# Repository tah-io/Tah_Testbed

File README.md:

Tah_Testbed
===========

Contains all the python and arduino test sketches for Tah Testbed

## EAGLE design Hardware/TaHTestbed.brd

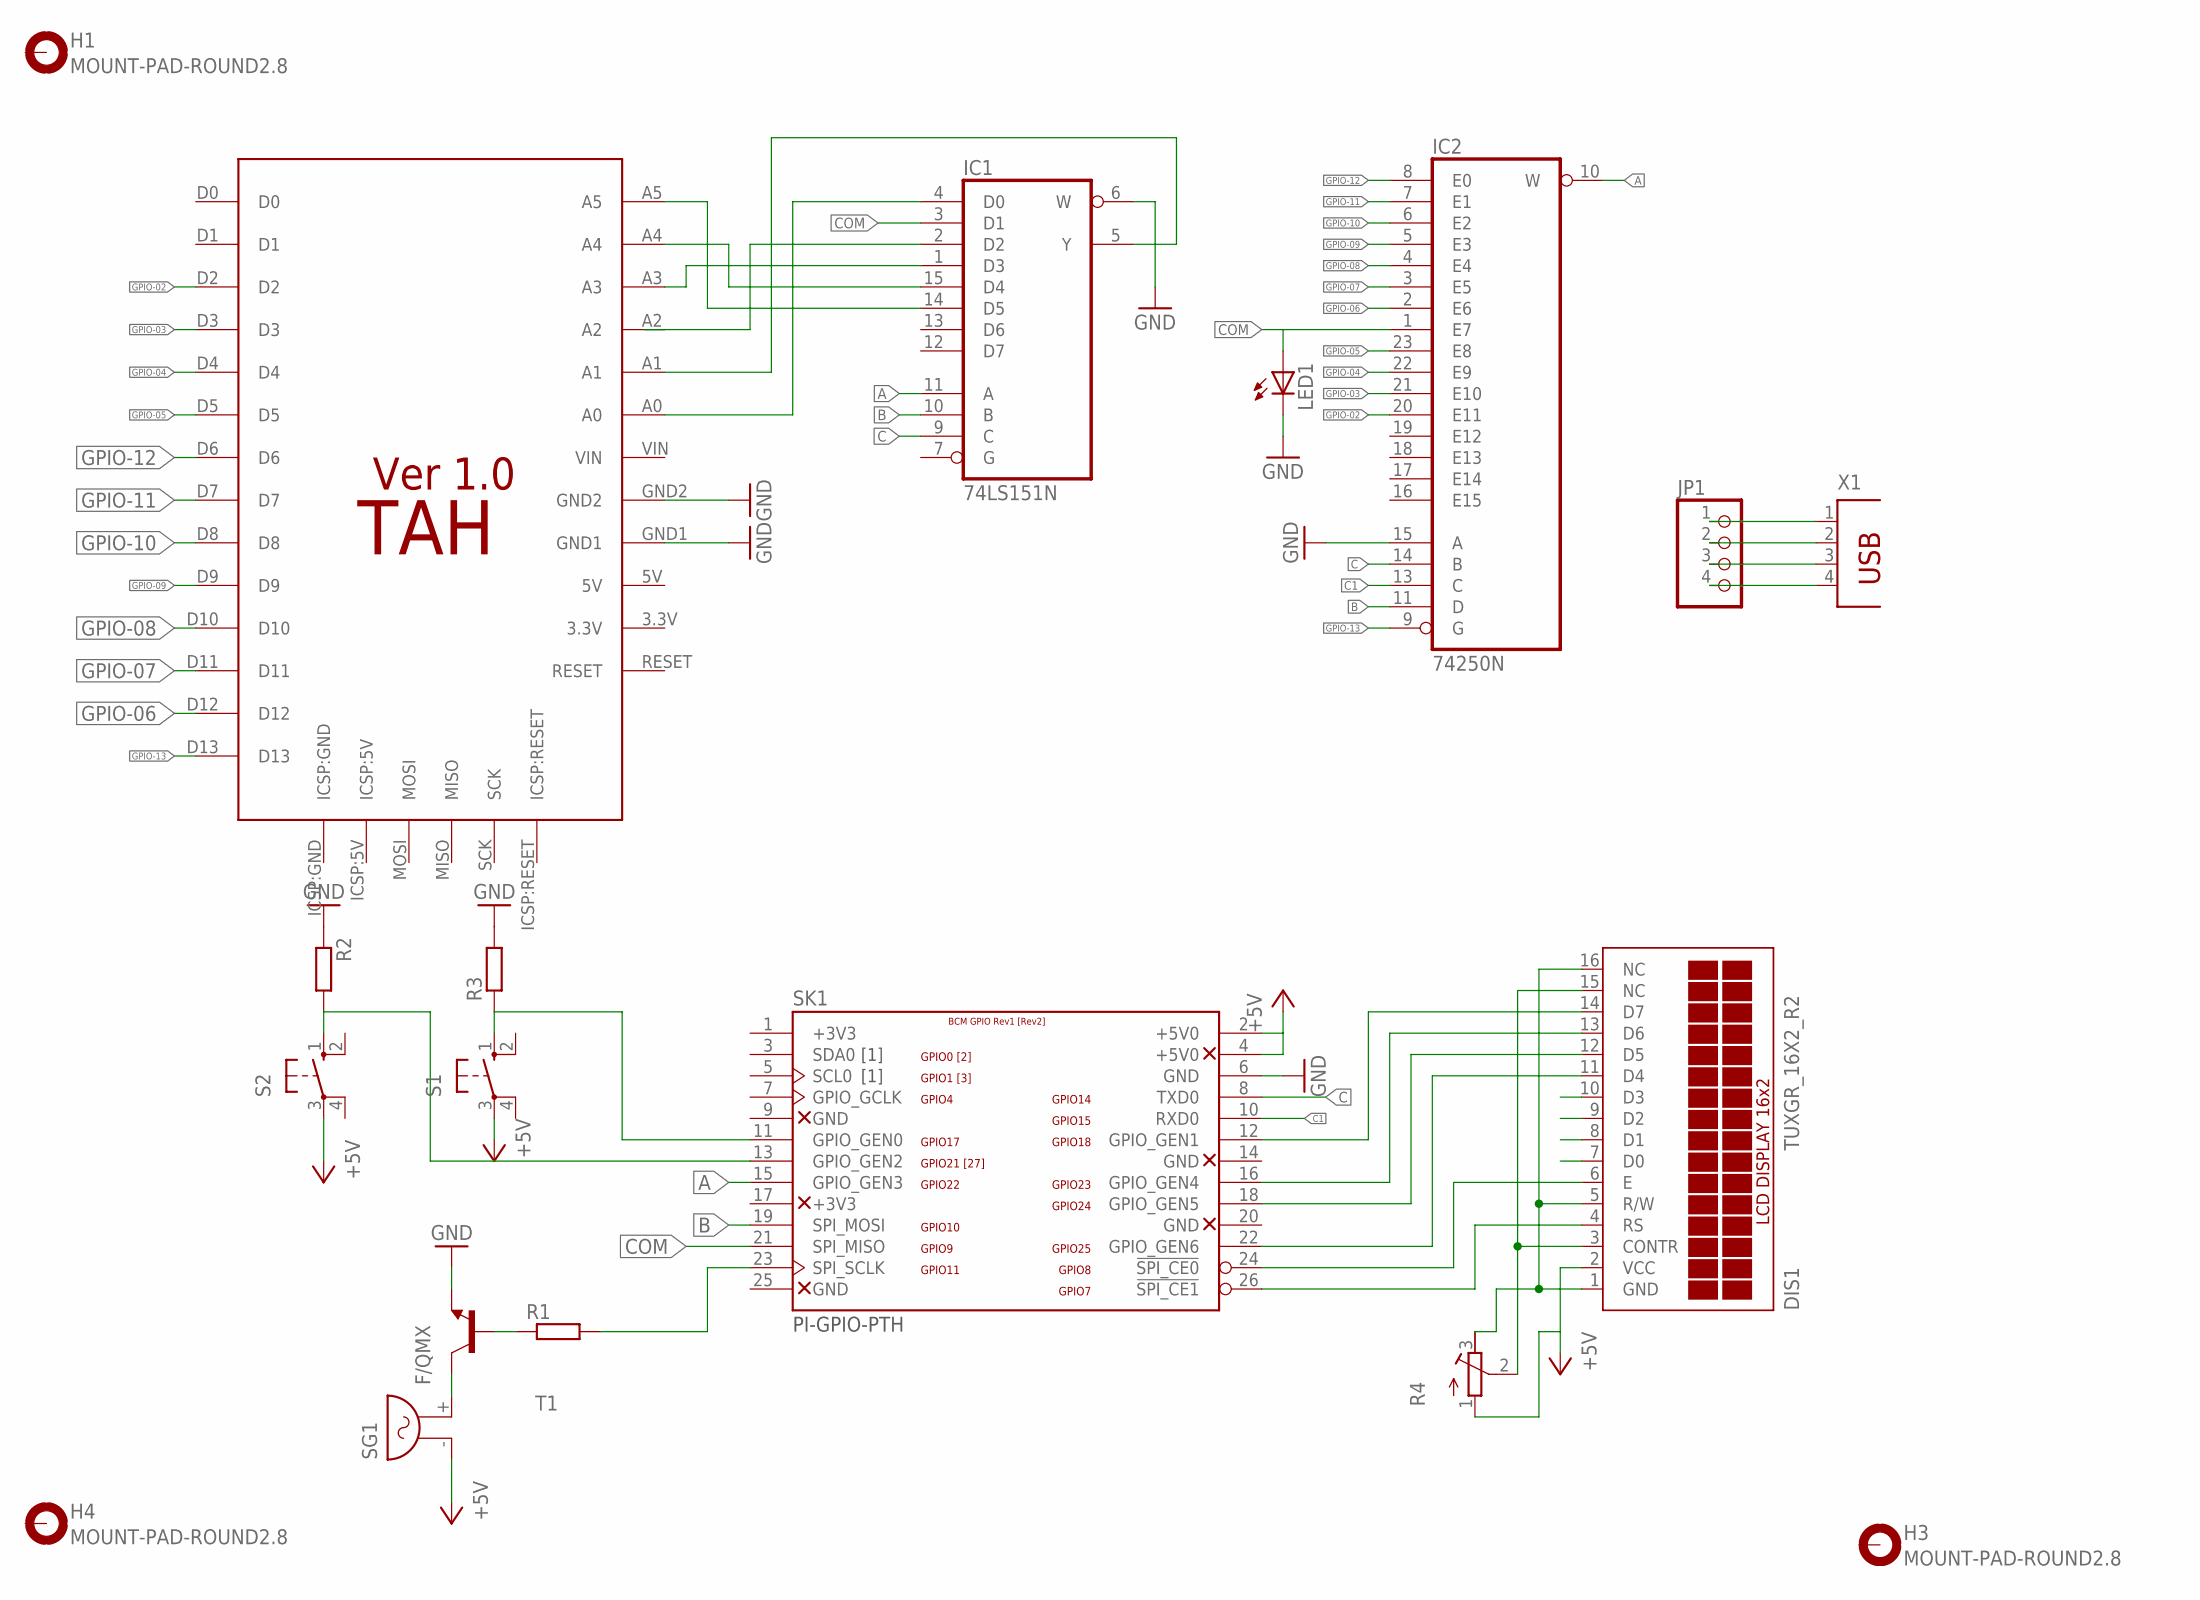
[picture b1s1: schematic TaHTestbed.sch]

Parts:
DIS1: TUXGR_16X2_R2
H1, H3, H4: MOUNT-PAD-ROUND2.8; 2,8-PAD
IC1: 74LS151N; DIL16
IC2: 74250N; DIL24-6
JP1: PINHD-1X4; 1X04
LED1: LEDCHIPLED_1206; CHIPLED_1206
R1: R-EU_0207/10; 0207/10
R2, R3: R-EU_0613/5V; P0613V
R4: R-TRIMM64Z; RTRIM64Z
S1, S2: 10-XX; B3F-10XX
SG1: F/QMX
SK1: PI-GPIO-PTH; GPIO-CONNECTOR
T1: BC547-NPN-TO92-CBE; TO92-CBE
U$2: TAH_FOOTPRINT_VER1.0; TAH_FOOTPRINT
X1: PN87520

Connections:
+3V3: SK1.1 (+3V3)
+5V: DIS1.2 (VCC), R4.1 (A), S1.3, S2.3, SG1.- (1), SK1.2 (+5V0), SK1.4 (+5V0)
A: IC1.11 (A), IC2.10 (W), SK1.15 (GPIO_GEN3)
B: IC1.10 (B), IC2.11 (D), SK1.19 (SPI_MOSI)
C: IC1.9 (C), IC2.14 (B), SK1.8 (TXD0)
C1: IC2.13 (C), SK1.10 (RXD0)
CM_IN: IC1.4 (D0), U$2.A0
COM: IC1.3 (D1), IC2.1 (E7), LED1.A, SK1.21 (SPI_MISO)
GND: IC1.6 (W), IC1.8 (GND), IC2.12 (GND), IC2.15 (A), LED1.C, R2.1, R3.2, SK1.6 (GND), T1.E, U$2.GND1, U$2.GND2
GPIO-02: IC2.20 (E11), U$2.D2
GPIO-03: IC2.21 (E10), U$2.D3
GPIO-04: IC2.22 (E9), U$2.D4
GPIO-05: IC2.23 (E8), U$2.D5
GPIO-06: IC2.2 (E6), U$2.D12
GPIO-07: IC2.3 (E5), U$2.D11
GPIO-08: IC2.4 (E4), U$2.D10
GPIO-09: IC2.5 (E3), U$2.D9
GPIO-10: IC2.6 (E2), U$2.D8
GPIO-11: IC2.7 (E1), U$2.D7
GPIO-12: IC2.8 (E0), U$2.D6
GPIO-13: IC2.9 (G), U$2.D13
unnamed: IC1.14 (D5), U$2.A5
unnamed: IC1.15 (D4), U$2.A4
unnamed: IC1.1 (D3), U$2.A3
unnamed: DIS1.4 (RS), SK1.26 (!SPI_CE1)
unnamed: IC1.2 (D2), U$2.A2
unnamed: DIS1.6 (E), SK1.24 (!SPI_CE0)
unnamed: DIS1.11 (D4), SK1.22 (GPIO_GEN6)
unnamed: DIS1.12 (D5), SK1.18 (GPIO_GEN5)
unnamed: DIS1.13 (D6), SK1.16 (GPIO_GEN4)
unnamed: DIS1.14 (D7), SK1.12 (GPIO_GEN1)
unnamed: JP1.1, X1.1
unnamed: IC1.5 (Y), U$2.A1
unnamed: DIS1.1 (GND), DIS1.5 (R/W), DIS1.16 (NC), R4.3 (E)
unnamed: R1.2, SK1.23 (SPI_SCLK)
unnamed: R1.1, T1.B
unnamed: DIS1.3 (CONTR), DIS1.15 (NC), R4.2 (S)
unnamed: SG1.+ (2), T1.C
unnamed: R3.1, S1.1 (S), SK1.11 (GPIO_GEN0)
unnamed: R2.2, S2.1 (S), SK1.13 (GPIO_GEN2)
unnamed: JP1.2, X1.2
unnamed: JP1.3, X1.3
unnamed: JP1.4, X1.4
VCC: IC1.16 (VCC), IC2.24 (VCC)

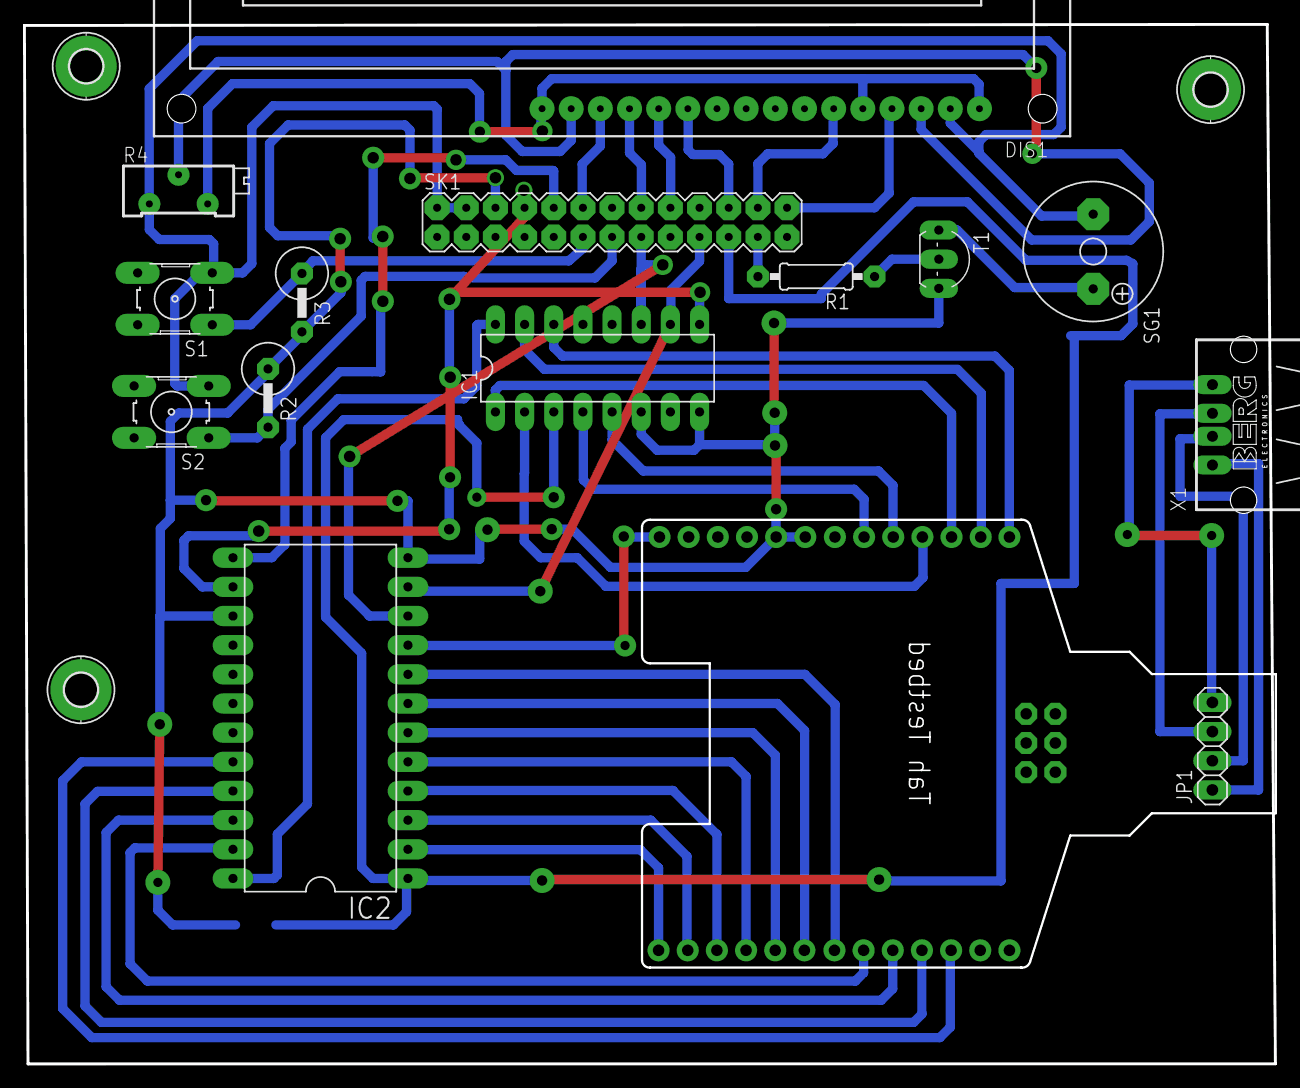
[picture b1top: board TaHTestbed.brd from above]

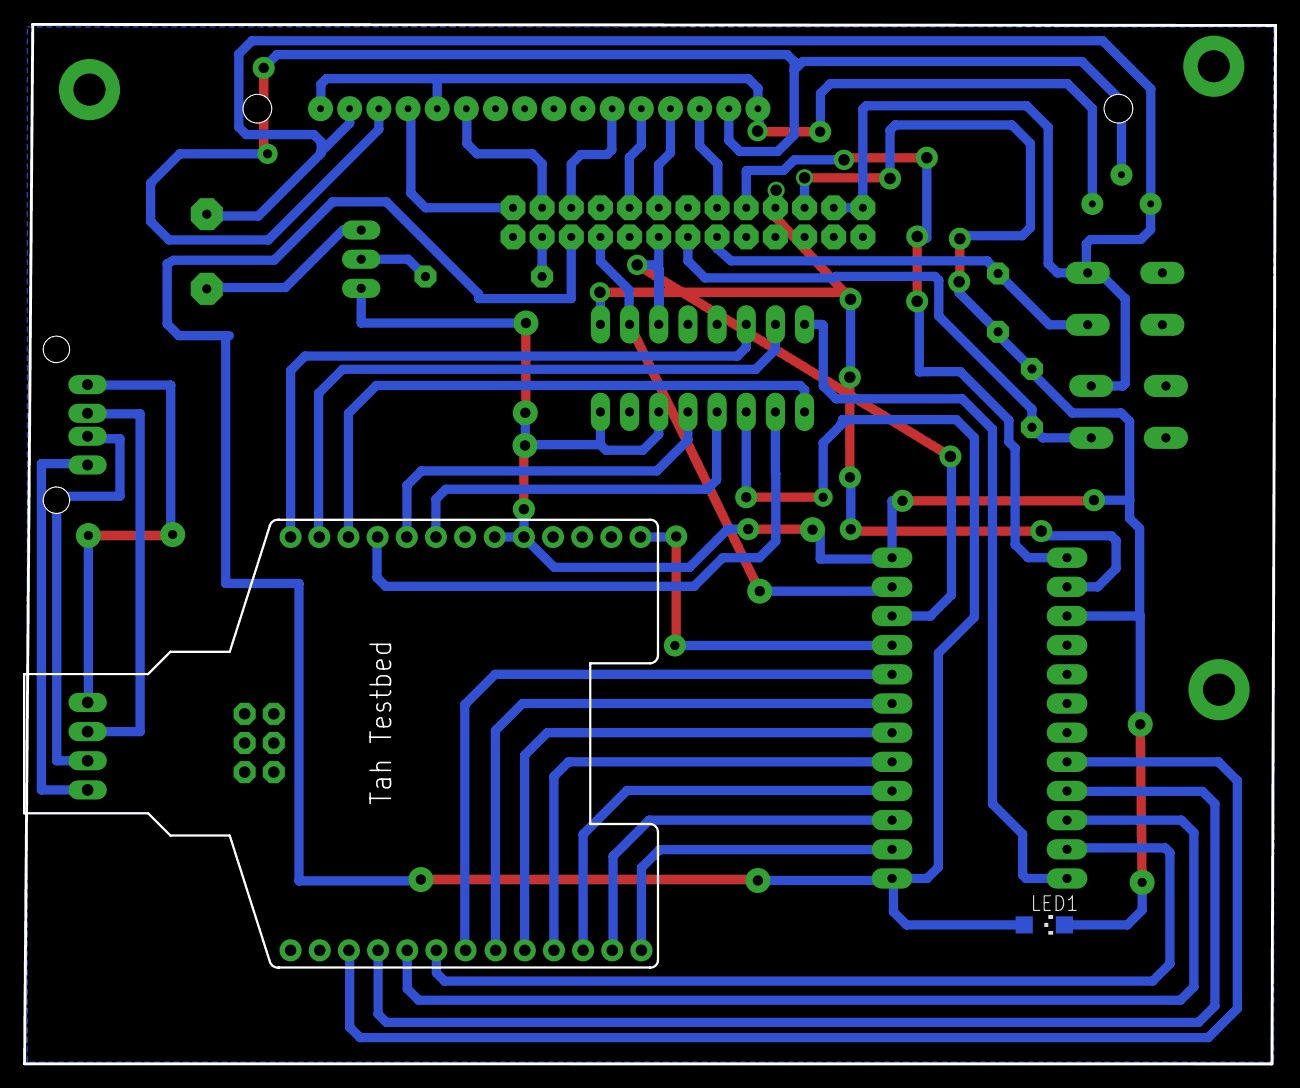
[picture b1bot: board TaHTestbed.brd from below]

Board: 2 copper layers, 109.0 x 90.5 mm, 19 parts (2 on the bottom side), 43 nets.

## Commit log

2014-11-12 Added Tah Testbed files
2014-11-26 Added Bootloader section
2014-11-27 Updated files
2014-11-29 new py script for testbed. merge conflict resoved.
2014-12-01 Updated Arduino Make file, Fixed make & make upload issue
2014-12-02 Updated mainTestbed.py
2014-12-02 Added Bootloader code to mainTestbed.py
2014-12-04 Added ArdSCL
2014-12-04 added Excel file
2014-12-06 Added csv to mainTestbed.py
2014-12-13 Added tested board
2015-01-12 Moved all logs to logs/
2015-01-12 Rename lcd_1 to lcd
2015-01-12 Remove obsolete files
2015-01-14 Changes to maintestbed.py
    Catch keyboard interrupt
    Push to logs/
    Datestamp for logs
2015-01-14 Fix datetime import
2015-01-14 Add statement after keyboardinterrupt
2015-01-14 Fix long durations with precompiled folders for different ports
2015-01-14 Fix build time issues
2015-02-16 Added schematic and board file for testbed
2015-02-22 Add license

GOAL OF THE EXERCISE: Print the entries as they stand, first line through the line holding "VCC: IC1.16 (VCC), IC2.24 (VCC)", with every picture removed.

SOLUTION TO THIS EXERCISE:
# Repository tah-io/Tah_Testbed

File README.md:

Tah_Testbed
===========

Contains all the python and arduino test sketches for Tah Testbed

## EAGLE design Hardware/TaHTestbed.brd

[picture b1s1: schematic TaHTestbed.sch]

Parts:
DIS1: TUXGR_16X2_R2
H1, H3, H4: MOUNT-PAD-ROUND2.8; 2,8-PAD
IC1: 74LS151N; DIL16
IC2: 74250N; DIL24-6
JP1: PINHD-1X4; 1X04
LED1: LEDCHIPLED_1206; CHIPLED_1206
R1: R-EU_0207/10; 0207/10
R2, R3: R-EU_0613/5V; P0613V
R4: R-TRIMM64Z; RTRIM64Z
S1, S2: 10-XX; B3F-10XX
SG1: F/QMX
SK1: PI-GPIO-PTH; GPIO-CONNECTOR
T1: BC547-NPN-TO92-CBE; TO92-CBE
U$2: TAH_FOOTPRINT_VER1.0; TAH_FOOTPRINT
X1: PN87520

Connections:
+3V3: SK1.1 (+3V3)
+5V: DIS1.2 (VCC), R4.1 (A), S1.3, S2.3, SG1.- (1), SK1.2 (+5V0), SK1.4 (+5V0)
A: IC1.11 (A), IC2.10 (W), SK1.15 (GPIO_GEN3)
B: IC1.10 (B), IC2.11 (D), SK1.19 (SPI_MOSI)
C: IC1.9 (C), IC2.14 (B), SK1.8 (TXD0)
C1: IC2.13 (C), SK1.10 (RXD0)
CM_IN: IC1.4 (D0), U$2.A0
COM: IC1.3 (D1), IC2.1 (E7), LED1.A, SK1.21 (SPI_MISO)
GND: IC1.6 (W), IC1.8 (GND), IC2.12 (GND), IC2.15 (A), LED1.C, R2.1, R3.2, SK1.6 (GND), T1.E, U$2.GND1, U$2.GND2
GPIO-02: IC2.20 (E11), U$2.D2
GPIO-03: IC2.21 (E10), U$2.D3
GPIO-04: IC2.22 (E9), U$2.D4
GPIO-05: IC2.23 (E8), U$2.D5
GPIO-06: IC2.2 (E6), U$2.D12
GPIO-07: IC2.3 (E5), U$2.D11
GPIO-08: IC2.4 (E4), U$2.D10
GPIO-09: IC2.5 (E3), U$2.D9
GPIO-10: IC2.6 (E2), U$2.D8
GPIO-11: IC2.7 (E1), U$2.D7
GPIO-12: IC2.8 (E0), U$2.D6
GPIO-13: IC2.9 (G), U$2.D13
unnamed: IC1.14 (D5), U$2.A5
unnamed: IC1.15 (D4), U$2.A4
unnamed: IC1.1 (D3), U$2.A3
unnamed: DIS1.4 (RS), SK1.26 (!SPI_CE1)
unnamed: IC1.2 (D2), U$2.A2
unnamed: DIS1.6 (E), SK1.24 (!SPI_CE0)
unnamed: DIS1.11 (D4), SK1.22 (GPIO_GEN6)
unnamed: DIS1.12 (D5), SK1.18 (GPIO_GEN5)
unnamed: DIS1.13 (D6), SK1.16 (GPIO_GEN4)
unnamed: DIS1.14 (D7), SK1.12 (GPIO_GEN1)
unnamed: JP1.1, X1.1
unnamed: IC1.5 (Y), U$2.A1
unnamed: DIS1.1 (GND), DIS1.5 (R/W), DIS1.16 (NC), R4.3 (E)
unnamed: R1.2, SK1.23 (SPI_SCLK)
unnamed: R1.1, T1.B
unnamed: DIS1.3 (CONTR), DIS1.15 (NC), R4.2 (S)
unnamed: SG1.+ (2), T1.C
unnamed: R3.1, S1.1 (S), SK1.11 (GPIO_GEN0)
unnamed: R2.2, S2.1 (S), SK1.13 (GPIO_GEN2)
unnamed: JP1.2, X1.2
unnamed: JP1.3, X1.3
unnamed: JP1.4, X1.4
VCC: IC1.16 (VCC), IC2.24 (VCC)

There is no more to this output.